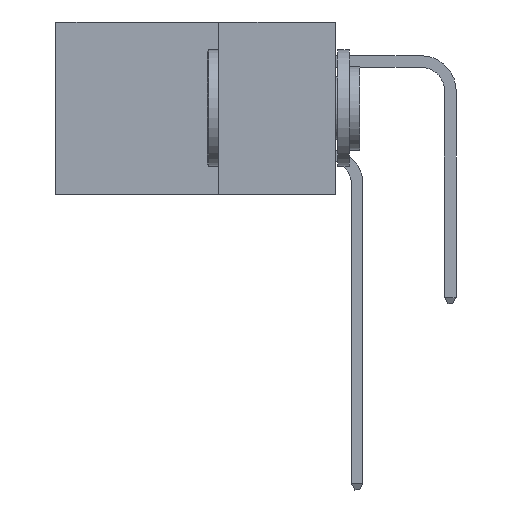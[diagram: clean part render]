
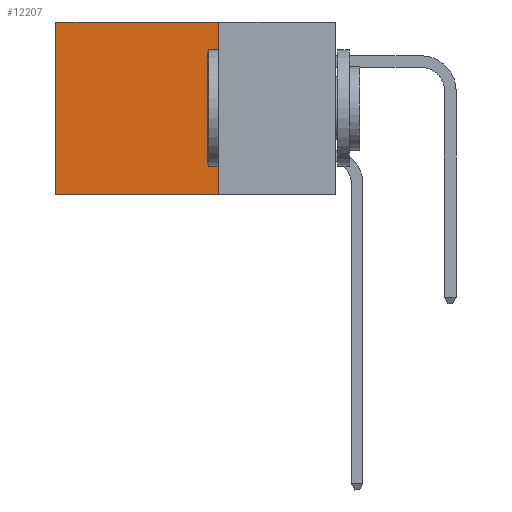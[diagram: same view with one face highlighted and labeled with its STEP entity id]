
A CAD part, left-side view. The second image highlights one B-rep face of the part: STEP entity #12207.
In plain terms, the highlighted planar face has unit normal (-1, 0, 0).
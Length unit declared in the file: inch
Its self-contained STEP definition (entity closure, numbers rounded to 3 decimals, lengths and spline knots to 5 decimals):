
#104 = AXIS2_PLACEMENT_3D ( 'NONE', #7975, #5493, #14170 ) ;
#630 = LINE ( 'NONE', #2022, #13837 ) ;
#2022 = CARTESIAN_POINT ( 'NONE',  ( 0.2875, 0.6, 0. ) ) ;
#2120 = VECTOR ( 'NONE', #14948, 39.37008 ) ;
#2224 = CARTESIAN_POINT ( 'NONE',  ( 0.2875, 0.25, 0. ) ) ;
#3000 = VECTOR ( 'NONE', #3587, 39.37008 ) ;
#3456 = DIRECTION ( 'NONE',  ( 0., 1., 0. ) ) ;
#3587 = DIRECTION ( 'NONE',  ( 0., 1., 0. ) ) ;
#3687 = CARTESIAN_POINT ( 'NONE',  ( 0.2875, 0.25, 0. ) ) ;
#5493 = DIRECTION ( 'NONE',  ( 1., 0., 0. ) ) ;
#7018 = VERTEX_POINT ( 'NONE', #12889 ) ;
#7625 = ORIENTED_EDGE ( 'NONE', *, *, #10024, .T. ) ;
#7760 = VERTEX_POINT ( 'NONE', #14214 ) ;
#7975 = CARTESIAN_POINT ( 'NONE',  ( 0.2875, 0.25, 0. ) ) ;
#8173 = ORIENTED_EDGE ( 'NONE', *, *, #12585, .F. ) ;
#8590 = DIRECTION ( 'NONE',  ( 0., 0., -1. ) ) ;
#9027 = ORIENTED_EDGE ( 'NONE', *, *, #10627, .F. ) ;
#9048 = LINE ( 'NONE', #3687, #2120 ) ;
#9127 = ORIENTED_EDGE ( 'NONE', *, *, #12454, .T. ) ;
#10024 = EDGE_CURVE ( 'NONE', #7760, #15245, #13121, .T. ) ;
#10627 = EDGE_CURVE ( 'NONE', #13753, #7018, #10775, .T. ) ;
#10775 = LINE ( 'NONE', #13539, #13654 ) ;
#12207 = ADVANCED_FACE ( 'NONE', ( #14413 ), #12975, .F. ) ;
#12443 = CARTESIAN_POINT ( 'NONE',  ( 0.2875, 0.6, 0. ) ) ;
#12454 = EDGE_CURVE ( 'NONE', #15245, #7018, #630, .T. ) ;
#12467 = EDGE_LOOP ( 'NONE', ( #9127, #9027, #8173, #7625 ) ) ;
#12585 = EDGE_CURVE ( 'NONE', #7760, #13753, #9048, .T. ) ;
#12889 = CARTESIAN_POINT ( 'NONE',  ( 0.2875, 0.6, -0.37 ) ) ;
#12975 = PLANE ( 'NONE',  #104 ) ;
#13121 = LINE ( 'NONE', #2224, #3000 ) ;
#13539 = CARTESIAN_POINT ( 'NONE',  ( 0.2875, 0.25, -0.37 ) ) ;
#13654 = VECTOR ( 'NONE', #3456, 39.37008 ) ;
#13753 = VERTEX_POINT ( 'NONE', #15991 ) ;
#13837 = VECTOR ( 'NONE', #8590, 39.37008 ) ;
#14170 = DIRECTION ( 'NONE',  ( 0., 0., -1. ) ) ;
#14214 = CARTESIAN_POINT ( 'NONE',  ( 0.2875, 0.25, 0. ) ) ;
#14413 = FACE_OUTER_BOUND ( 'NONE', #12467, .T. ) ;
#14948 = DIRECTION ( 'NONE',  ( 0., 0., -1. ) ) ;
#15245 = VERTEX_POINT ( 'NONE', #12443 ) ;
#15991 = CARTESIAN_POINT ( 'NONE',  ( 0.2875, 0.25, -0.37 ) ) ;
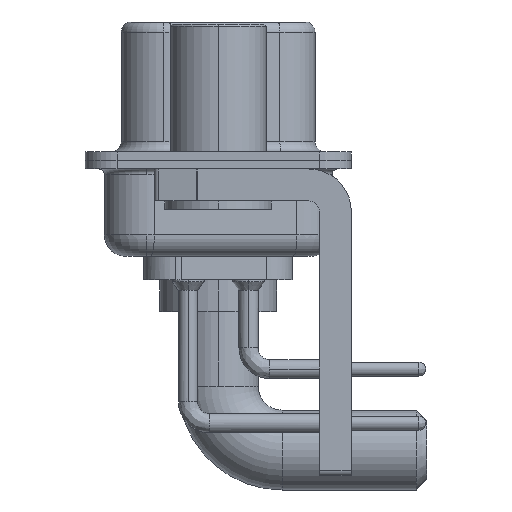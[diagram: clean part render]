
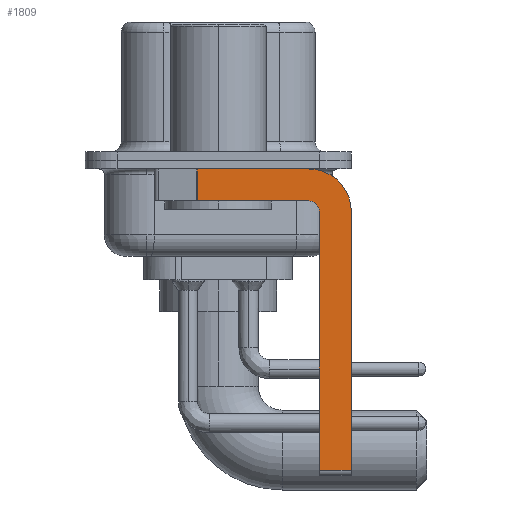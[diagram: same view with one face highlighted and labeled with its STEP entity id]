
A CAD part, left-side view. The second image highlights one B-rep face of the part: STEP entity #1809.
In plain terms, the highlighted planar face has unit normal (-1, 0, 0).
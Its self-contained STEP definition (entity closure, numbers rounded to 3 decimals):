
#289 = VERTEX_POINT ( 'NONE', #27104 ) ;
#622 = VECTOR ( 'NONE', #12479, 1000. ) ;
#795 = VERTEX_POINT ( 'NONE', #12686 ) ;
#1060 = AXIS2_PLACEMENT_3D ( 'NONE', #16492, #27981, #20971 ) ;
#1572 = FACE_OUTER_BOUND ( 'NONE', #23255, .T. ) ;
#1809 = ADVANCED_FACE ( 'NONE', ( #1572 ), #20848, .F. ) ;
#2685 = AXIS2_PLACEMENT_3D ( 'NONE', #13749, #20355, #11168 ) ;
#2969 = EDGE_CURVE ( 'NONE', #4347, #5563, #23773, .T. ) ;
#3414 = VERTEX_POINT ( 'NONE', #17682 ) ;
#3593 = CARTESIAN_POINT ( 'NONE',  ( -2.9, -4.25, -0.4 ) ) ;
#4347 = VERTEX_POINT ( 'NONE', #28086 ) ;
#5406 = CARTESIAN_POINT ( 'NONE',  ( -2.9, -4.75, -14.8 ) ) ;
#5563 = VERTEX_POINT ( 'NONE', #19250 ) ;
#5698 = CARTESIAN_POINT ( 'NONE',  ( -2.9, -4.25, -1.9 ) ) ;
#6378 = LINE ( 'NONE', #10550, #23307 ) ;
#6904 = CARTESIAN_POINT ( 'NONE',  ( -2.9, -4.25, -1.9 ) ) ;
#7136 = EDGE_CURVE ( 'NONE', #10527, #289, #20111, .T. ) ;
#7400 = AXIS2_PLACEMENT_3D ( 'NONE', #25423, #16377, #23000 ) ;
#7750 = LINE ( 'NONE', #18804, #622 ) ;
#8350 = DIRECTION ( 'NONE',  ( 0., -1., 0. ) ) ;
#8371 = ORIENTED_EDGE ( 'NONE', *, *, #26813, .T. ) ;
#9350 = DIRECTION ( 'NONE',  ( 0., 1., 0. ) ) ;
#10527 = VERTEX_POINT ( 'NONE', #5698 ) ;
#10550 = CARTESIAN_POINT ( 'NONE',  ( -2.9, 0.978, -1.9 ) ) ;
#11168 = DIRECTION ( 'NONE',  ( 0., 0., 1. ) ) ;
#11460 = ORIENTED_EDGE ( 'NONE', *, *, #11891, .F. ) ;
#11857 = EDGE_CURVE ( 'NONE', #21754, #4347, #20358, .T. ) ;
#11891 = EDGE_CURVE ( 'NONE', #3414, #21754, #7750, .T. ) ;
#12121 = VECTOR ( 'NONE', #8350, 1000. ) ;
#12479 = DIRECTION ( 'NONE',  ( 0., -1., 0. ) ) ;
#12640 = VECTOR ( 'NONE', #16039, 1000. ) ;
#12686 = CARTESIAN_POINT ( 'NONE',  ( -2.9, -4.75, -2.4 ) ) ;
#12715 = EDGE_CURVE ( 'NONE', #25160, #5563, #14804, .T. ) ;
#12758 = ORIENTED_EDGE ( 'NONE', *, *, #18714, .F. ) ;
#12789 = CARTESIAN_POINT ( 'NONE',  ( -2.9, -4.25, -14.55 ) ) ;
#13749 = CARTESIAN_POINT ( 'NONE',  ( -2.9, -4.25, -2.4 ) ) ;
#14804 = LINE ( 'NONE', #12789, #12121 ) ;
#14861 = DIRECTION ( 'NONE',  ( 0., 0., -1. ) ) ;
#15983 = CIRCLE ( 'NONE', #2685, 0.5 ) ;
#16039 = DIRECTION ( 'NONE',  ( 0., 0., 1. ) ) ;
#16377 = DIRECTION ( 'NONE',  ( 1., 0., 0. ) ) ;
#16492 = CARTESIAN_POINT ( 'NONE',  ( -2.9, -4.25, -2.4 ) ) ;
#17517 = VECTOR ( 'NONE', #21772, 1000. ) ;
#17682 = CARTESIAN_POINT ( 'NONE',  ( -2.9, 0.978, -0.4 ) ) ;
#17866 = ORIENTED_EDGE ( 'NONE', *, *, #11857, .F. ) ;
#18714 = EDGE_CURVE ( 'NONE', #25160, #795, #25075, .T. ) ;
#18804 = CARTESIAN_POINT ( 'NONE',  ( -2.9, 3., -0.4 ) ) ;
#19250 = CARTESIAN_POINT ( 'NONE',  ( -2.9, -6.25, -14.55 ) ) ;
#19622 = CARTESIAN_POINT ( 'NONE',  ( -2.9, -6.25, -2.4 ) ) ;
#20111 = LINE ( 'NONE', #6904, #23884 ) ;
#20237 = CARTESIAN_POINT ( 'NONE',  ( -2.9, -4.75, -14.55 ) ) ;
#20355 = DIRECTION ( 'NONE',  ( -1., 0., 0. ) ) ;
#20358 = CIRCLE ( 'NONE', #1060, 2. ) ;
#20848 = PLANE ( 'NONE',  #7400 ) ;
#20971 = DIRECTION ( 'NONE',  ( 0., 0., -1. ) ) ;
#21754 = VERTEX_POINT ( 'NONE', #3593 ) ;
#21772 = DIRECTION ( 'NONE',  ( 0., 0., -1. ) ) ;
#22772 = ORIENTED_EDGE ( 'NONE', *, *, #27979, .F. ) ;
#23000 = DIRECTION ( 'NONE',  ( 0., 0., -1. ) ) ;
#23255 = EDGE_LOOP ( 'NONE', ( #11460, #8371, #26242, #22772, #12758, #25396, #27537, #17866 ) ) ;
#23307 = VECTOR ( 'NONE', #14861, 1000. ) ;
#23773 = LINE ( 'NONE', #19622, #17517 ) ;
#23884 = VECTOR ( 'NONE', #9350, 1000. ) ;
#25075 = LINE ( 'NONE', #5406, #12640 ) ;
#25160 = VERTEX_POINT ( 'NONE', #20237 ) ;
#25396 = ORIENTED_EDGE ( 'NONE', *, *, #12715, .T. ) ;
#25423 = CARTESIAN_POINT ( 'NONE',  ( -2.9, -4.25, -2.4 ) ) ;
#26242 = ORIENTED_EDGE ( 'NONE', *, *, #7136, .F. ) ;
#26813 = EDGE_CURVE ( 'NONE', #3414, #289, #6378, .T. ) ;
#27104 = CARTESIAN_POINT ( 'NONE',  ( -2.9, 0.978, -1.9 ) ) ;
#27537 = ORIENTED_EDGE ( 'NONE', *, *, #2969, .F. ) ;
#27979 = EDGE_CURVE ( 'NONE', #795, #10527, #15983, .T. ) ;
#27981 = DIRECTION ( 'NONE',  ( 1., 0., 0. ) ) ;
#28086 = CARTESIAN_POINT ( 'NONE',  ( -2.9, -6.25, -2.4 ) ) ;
______
Only one stretch of the entries above is wanted: the lines from the one containing "#7018 = VERTEX_POINT ( 'NONE', #12889 ) ;" through the one containing "#10775 = LINE ( 'NONE', #13539, #13654 ) ;". Please reproduce it exactly.

#7018 = VERTEX_POINT ( 'NONE', #12889 ) ;
#7625 = ORIENTED_EDGE ( 'NONE', *, *, #10024, .T. ) ;
#7760 = VERTEX_POINT ( 'NONE', #14214 ) ;
#7975 = CARTESIAN_POINT ( 'NONE',  ( 0.2875, 0.25, 0. ) ) ;
#8173 = ORIENTED_EDGE ( 'NONE', *, *, #12585, .F. ) ;
#8590 = DIRECTION ( 'NONE',  ( 0., 0., -1. ) ) ;
#9027 = ORIENTED_EDGE ( 'NONE', *, *, #10627, .F. ) ;
#9048 = LINE ( 'NONE', #3687, #2120 ) ;
#9127 = ORIENTED_EDGE ( 'NONE', *, *, #12454, .T. ) ;
#10024 = EDGE_CURVE ( 'NONE', #7760, #15245, #13121, .T. ) ;
#10627 = EDGE_CURVE ( 'NONE', #13753, #7018, #10775, .T. ) ;
#10775 = LINE ( 'NONE', #13539, #13654 ) ;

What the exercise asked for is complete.